## Try it
What you return should match the material below line for line, except that no image appears in it.
━━━━━━━━
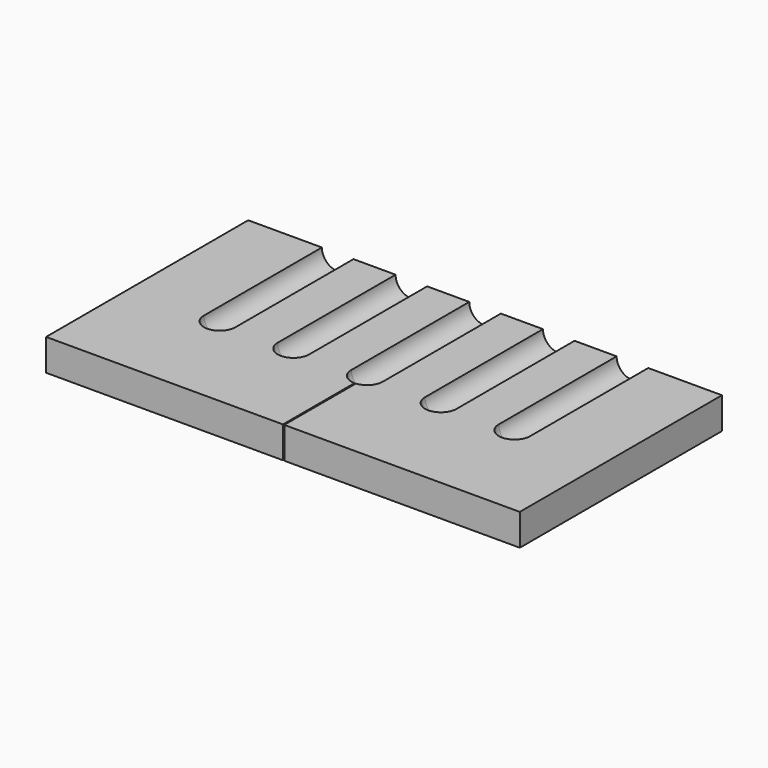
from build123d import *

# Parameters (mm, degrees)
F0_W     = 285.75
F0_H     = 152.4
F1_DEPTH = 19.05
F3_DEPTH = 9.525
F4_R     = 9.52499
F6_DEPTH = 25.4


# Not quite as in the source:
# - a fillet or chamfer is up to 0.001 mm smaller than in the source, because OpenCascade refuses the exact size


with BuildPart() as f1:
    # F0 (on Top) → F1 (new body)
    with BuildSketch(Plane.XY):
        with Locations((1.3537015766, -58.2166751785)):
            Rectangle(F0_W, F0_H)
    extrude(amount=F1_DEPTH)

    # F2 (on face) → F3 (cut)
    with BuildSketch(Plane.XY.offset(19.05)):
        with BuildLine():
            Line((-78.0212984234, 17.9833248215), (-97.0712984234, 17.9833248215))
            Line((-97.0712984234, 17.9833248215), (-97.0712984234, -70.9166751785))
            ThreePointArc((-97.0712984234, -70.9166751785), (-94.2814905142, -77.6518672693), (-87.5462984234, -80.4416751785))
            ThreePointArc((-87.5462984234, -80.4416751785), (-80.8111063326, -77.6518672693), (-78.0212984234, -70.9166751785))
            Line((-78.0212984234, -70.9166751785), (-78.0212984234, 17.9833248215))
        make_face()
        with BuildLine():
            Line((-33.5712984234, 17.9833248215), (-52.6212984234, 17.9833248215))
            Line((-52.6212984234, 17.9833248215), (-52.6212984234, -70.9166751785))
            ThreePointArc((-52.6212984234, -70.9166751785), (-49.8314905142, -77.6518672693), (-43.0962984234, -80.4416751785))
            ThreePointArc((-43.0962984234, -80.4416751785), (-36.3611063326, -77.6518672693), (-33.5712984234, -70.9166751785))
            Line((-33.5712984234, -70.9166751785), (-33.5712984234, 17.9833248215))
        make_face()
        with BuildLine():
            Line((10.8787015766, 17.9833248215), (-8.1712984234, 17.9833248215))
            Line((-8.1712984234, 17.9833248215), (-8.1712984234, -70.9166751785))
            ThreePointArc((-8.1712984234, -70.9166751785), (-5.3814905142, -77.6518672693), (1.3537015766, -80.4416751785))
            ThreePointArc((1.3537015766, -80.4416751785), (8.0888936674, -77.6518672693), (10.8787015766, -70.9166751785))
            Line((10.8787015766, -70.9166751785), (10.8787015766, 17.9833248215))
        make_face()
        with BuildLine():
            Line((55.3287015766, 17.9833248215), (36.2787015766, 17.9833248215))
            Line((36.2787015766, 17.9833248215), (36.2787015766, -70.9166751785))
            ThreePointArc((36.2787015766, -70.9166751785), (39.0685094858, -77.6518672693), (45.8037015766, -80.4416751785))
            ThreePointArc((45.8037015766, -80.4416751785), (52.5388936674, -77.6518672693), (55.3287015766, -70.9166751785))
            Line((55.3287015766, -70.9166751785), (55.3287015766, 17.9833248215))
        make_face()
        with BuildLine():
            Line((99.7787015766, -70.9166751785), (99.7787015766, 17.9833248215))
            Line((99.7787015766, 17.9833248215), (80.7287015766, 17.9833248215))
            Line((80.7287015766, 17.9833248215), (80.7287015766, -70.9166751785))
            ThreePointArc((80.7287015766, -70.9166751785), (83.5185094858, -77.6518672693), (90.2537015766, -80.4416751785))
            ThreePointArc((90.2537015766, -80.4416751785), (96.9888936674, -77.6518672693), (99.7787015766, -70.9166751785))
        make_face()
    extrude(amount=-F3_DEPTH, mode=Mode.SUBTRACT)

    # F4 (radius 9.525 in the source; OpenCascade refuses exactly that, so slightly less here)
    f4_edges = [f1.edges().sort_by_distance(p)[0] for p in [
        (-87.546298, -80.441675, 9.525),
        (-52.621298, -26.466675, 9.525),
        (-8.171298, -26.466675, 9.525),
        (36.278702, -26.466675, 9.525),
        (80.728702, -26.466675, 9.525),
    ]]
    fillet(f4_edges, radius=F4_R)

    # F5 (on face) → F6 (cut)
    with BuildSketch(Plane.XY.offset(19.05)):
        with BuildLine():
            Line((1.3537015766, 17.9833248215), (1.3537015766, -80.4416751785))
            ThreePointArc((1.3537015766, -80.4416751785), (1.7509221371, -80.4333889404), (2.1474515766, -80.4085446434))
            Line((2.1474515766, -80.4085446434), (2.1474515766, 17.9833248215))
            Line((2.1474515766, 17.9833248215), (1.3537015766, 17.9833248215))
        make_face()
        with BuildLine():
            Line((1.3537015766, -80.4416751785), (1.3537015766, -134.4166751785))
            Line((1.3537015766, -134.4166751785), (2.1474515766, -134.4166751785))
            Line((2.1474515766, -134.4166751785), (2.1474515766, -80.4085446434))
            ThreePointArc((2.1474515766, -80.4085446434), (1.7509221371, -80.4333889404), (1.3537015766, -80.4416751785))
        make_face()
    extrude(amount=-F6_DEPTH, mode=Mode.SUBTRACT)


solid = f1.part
━━━━━━━━
## Output of the exercise
from build123d import *

# Parameters (mm, degrees)
F0_W     = 285.75
F0_H     = 152.4
F1_DEPTH = 19.05
F3_DEPTH = 9.525
F4_R     = 9.52499
F6_DEPTH = 25.4


# Not quite as in the source:
# - a fillet or chamfer is up to 0.001 mm smaller than in the source, because OpenCascade refuses the exact size


with BuildPart() as f1:
    # F0 (on Top) → F1 (new body)
    with BuildSketch(Plane.XY):
        with Locations((1.3537015766, -58.2166751785)):
            Rectangle(F0_W, F0_H)
    extrude(amount=F1_DEPTH)

    # F2 (on face) → F3 (cut)
    with BuildSketch(Plane.XY.offset(19.05)):
        with BuildLine():
            Line((-78.0212984234, 17.9833248215), (-97.0712984234, 17.9833248215))
            Line((-97.0712984234, 17.9833248215), (-97.0712984234, -70.9166751785))
            ThreePointArc((-97.0712984234, -70.9166751785), (-94.2814905142, -77.6518672693), (-87.5462984234, -80.4416751785))
            ThreePointArc((-87.5462984234, -80.4416751785), (-80.8111063326, -77.6518672693), (-78.0212984234, -70.9166751785))
            Line((-78.0212984234, -70.9166751785), (-78.0212984234, 17.9833248215))
        make_face()
        with BuildLine():
            Line((-33.5712984234, 17.9833248215), (-52.6212984234, 17.9833248215))
            Line((-52.6212984234, 17.9833248215), (-52.6212984234, -70.9166751785))
            ThreePointArc((-52.6212984234, -70.9166751785), (-49.8314905142, -77.6518672693), (-43.0962984234, -80.4416751785))
            ThreePointArc((-43.0962984234, -80.4416751785), (-36.3611063326, -77.6518672693), (-33.5712984234, -70.9166751785))
            Line((-33.5712984234, -70.9166751785), (-33.5712984234, 17.9833248215))
        make_face()
        with BuildLine():
            Line((10.8787015766, 17.9833248215), (-8.1712984234, 17.9833248215))
            Line((-8.1712984234, 17.9833248215), (-8.1712984234, -70.9166751785))
            ThreePointArc((-8.1712984234, -70.9166751785), (-5.3814905142, -77.6518672693), (1.3537015766, -80.4416751785))
            ThreePointArc((1.3537015766, -80.4416751785), (8.0888936674, -77.6518672693), (10.8787015766, -70.9166751785))
            Line((10.8787015766, -70.9166751785), (10.8787015766, 17.9833248215))
        make_face()
        with BuildLine():
            Line((55.3287015766, 17.9833248215), (36.2787015766, 17.9833248215))
            Line((36.2787015766, 17.9833248215), (36.2787015766, -70.9166751785))
            ThreePointArc((36.2787015766, -70.9166751785), (39.0685094858, -77.6518672693), (45.8037015766, -80.4416751785))
            ThreePointArc((45.8037015766, -80.4416751785), (52.5388936674, -77.6518672693), (55.3287015766, -70.9166751785))
            Line((55.3287015766, -70.9166751785), (55.3287015766, 17.9833248215))
        make_face()
        with BuildLine():
            Line((99.7787015766, -70.9166751785), (99.7787015766, 17.9833248215))
            Line((99.7787015766, 17.9833248215), (80.7287015766, 17.9833248215))
            Line((80.7287015766, 17.9833248215), (80.7287015766, -70.9166751785))
            ThreePointArc((80.7287015766, -70.9166751785), (83.5185094858, -77.6518672693), (90.2537015766, -80.4416751785))
            ThreePointArc((90.2537015766, -80.4416751785), (96.9888936674, -77.6518672693), (99.7787015766, -70.9166751785))
        make_face()
    extrude(amount=-F3_DEPTH, mode=Mode.SUBTRACT)

    # F4 (radius 9.525 in the source; OpenCascade refuses exactly that, so slightly less here)
    f4_edges = [f1.edges().sort_by_distance(p)[0] for p in [
        (-87.546298, -80.441675, 9.525),
        (-52.621298, -26.466675, 9.525),
        (-8.171298, -26.466675, 9.525),
        (36.278702, -26.466675, 9.525),
        (80.728702, -26.466675, 9.525),
    ]]
    fillet(f4_edges, radius=F4_R)

    # F5 (on face) → F6 (cut)
    with BuildSketch(Plane.XY.offset(19.05)):
        with BuildLine():
            Line((1.3537015766, 17.9833248215), (1.3537015766, -80.4416751785))
            ThreePointArc((1.3537015766, -80.4416751785), (1.7509221371, -80.4333889404), (2.1474515766, -80.4085446434))
            Line((2.1474515766, -80.4085446434), (2.1474515766, 17.9833248215))
            Line((2.1474515766, 17.9833248215), (1.3537015766, 17.9833248215))
        make_face()
        with BuildLine():
            Line((1.3537015766, -80.4416751785), (1.3537015766, -134.4166751785))
            Line((1.3537015766, -134.4166751785), (2.1474515766, -134.4166751785))
            Line((2.1474515766, -134.4166751785), (2.1474515766, -80.4085446434))
            ThreePointArc((2.1474515766, -80.4085446434), (1.7509221371, -80.4333889404), (1.3537015766, -80.4416751785))
        make_face()
    extrude(amount=-F6_DEPTH, mode=Mode.SUBTRACT)


solid = f1.part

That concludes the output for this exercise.